Now let's take a look at FX. In my book here is a network that produces shows that are very close to the quality of HBO's older shows. Rescue Me, The Shield, Dirt, Nip/Tuck and The Riches are darn close to the quality of what HBO use to put out. And no subscription fee, Just commercials.

Also kudos for TNT's The Closer and SCI-FI's EUREKA.

Some may also say USA'S 4400 deserves elite status and maybe even some would give a knod to PSYCHE! I watch them but they don't grab me the way the others do, specially PSYCHE.

IMHO HBO should be putting out shows at least of the quality of some of these shows, specially since it's something I'm paying money for.

Just my opinion of course and I imagine some may disagree with a couple of the shows I listed.

Edit to add: The fact the the TW/AOL merger flop may also be adding to the problems that HBO may have encountered on delivering shows like Rome and Deadwood. Still, that's their issue and cutting shows like this isn't good for customer retention.


----------



## net114 (Dec 29, 2000)

bicker said:


> Rather than "clear" anything up, I think you've simply repeated some fanspeak.


Well, according to Milch himself, he said, "How &%$#@! is it that we're not coming back?"

And..."Milch also confirms that it was HBO that decided not to pick up the options on the cast, which freed the actors to go look for other work."

So, its not "fanspeak" that it wasn't Milch's decision. (Unless he was lying to avoid a fan backlash or something). No, it doesn't say specifically WHY HBO made the decision, but I read tons and tons of articles about it that I'm just too lazy to go and link too.

That said, I could have used a slightly less "I know the facts" tone in my post. How about, "Ok, let me clear up what I've read on news sites in the past about how HBO screwed its fans?!"


----------



## net114 (Dec 29, 2000)

pomerlp said:


> Now let's take a look at FX. In my book here is a network that produces shows that are very close to the quality of HBO's older shows. Rescue Me, The Shield, Dirt, Nip/Tuck and The Riches are darn close to the quality of what HBO use to put out. And no subscription fee, Just commercials.

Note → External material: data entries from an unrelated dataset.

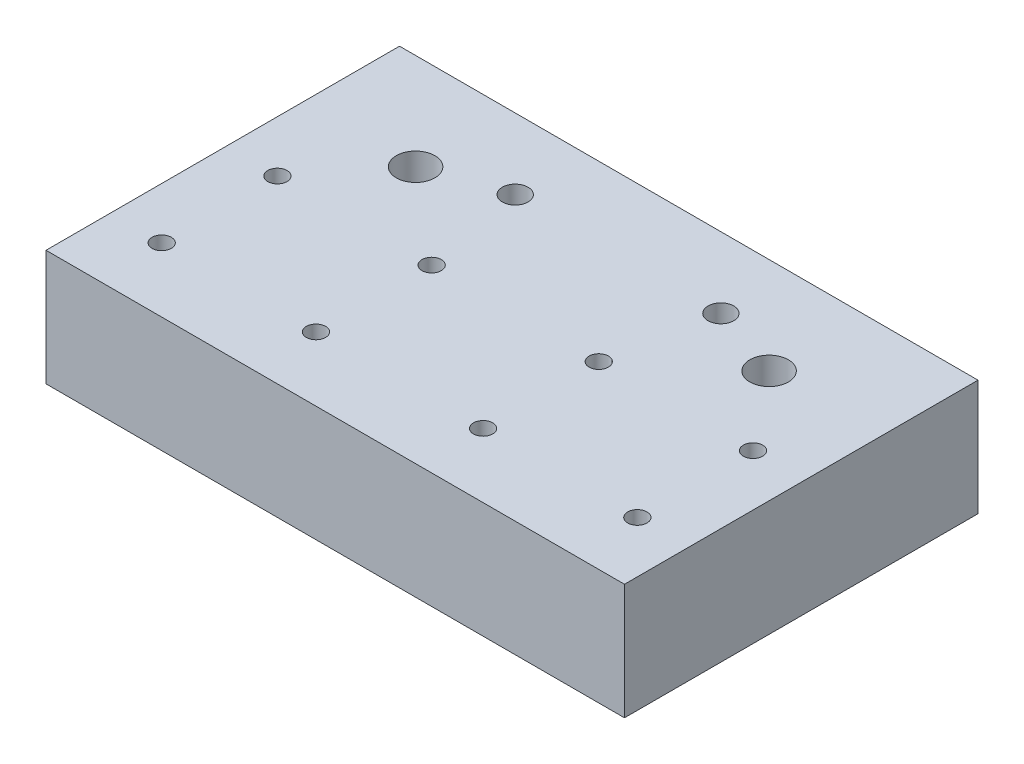
SolidWorks part; units mm, degrees
ref_plane "Front Plane" through (0, 0, 0) normal (0, 0, 1) x (1, 0, 0)
ref_plane "Top Plane" through (0, 0, 0) normal (0, 1, 0) x (1, 0, 0)
ref_plane "Right Plane" through (0, 0, 0) normal (1, 0, 0) x (0, 0, -1)
sketch "Sketch1" plane through (0, 0, 0) normal (0, 1, 0) x (1, 0, 0)
  line L0 (0, -383.892) -> (0, 18810.7071) construction
  line L1 (-45, 30) -> (45, 30)
  line L2 (-45, 30) -> (-45, -25)
  line L3 (-45, -25) -> (45, -25)
  line L4 (45, 30) -> (45, -25)
  line L7 (-383.892, 0) -> (18810.7071, 0) construction
  line L14 (25, -383.892) -> (25, 18810.7071) construction
  line L16 (13, -15) -> (37, -15) construction
  line L18 (13, -15) -> (13, 3) construction
  line L19 (13, 3) -> (37, 3) construction
  line L20 (37, -15) -> (37, 3) construction
  line L21 (13, -15) -> (37, 3) construction
  line L22 (13, 3) -> (37, -15) construction
  circle A0 centre (27.5, 15) radius 3
  circle A1 centre (-27.5, 15) radius 3
  circle A2 centre (37, 3) radius 1.5
  circle A3 centre (13, 3) radius 1.5
  circle A4 centre (37, -15) radius 1.5
  circle A5 centre (13, -15) radius 1.5
  circle A6 centre (-37, -15) radius 1.5
  circle A7 centre (-37, 3) radius 1.5
  circle A8 centre (-13, -15) radius 1.5
  circle A9 centre (-13, 3) radius 1.5
  point P0 (0, 0)
  point P11 (0, 0)
  point P19 (25, -6)
  dimension "D6" = 6
  dimension "D7" = 27.5
  dimension "D8" = 40
  dimension "D13" = 3
  dimension "D15" = 18
  dimension "D2" = 90
  dimension "D3" = 30
  dimension "D4" = 25
  dimension "D5" = 45
  dimension "D10" = 24
  dimension "D11" = 18
  dimension "D12" = 10
  dimension "D9" = 25
  dimension "D14" = 2
extrude "Boss-Extrude1" add sketch "Sketch1" along normal blind 18
sketch "Sketch2" plane through (0, 18, 0) normal (0, 1, 0) x (1, 0, 0)
  line L0 (45, -25) -> (45, 30) construction
  line L3 (0, -1000) -> (0, 49000) construction
  line L4 (45, 30) -> (-45, 30) construction
  circle A0 centre (16, 19) radius 2
  circle A3 centre (-16, 19) radius 2
  dimension "D1" = 11
  dimension "D2" = 4
  dimension "D3" = 29
extrude "Cut-Extrude1" cut sketch "Sketch2" against normal up to next

Yes I totally agree with you, my total guess is that is the difference. If HBO weren't a subscriber channel, they could have upped the charge to advertisers saying, "we're at this rating for Deadwood, which means we are in XXX millions of viewers each week, so pay us more."

Is there any way for HBO to account for new subscribers based on one show? I don't know other than maybe an unscientific CSR question poll or something, which I've never heard of.

Either way, it looks like at least one of the main cast was all for it going on, and didn't have a clue they were going to cancel before it happened. (Nor did he like the way it was handled). It's a shame.

Back to the main thread's title, this is again just another reason I can't justify paying for HBO. It doesn't seem like there was time nor effort to even figure out any other options for a finale (as evidenced by the actor's shock over the cancellation.) In addition to in house production, couldn't they have explored letting another sister studio or even selling the rights to a 2 hour movie or something to another commercial cable channel?

I think the main point is- the silence from HBO is a slap in the face to fans. Do they HAVE to explain? No. But not explaining to your subscribers simply makes them feel like you don't care about their subscriptions.


----------



## pomerlp (Apr 22, 2008)

net114 said:


> Is there any way for HBO to account for new subscribers based on one show? I don't know other than maybe an unscientific CSR question poll or something, which I've never heard of.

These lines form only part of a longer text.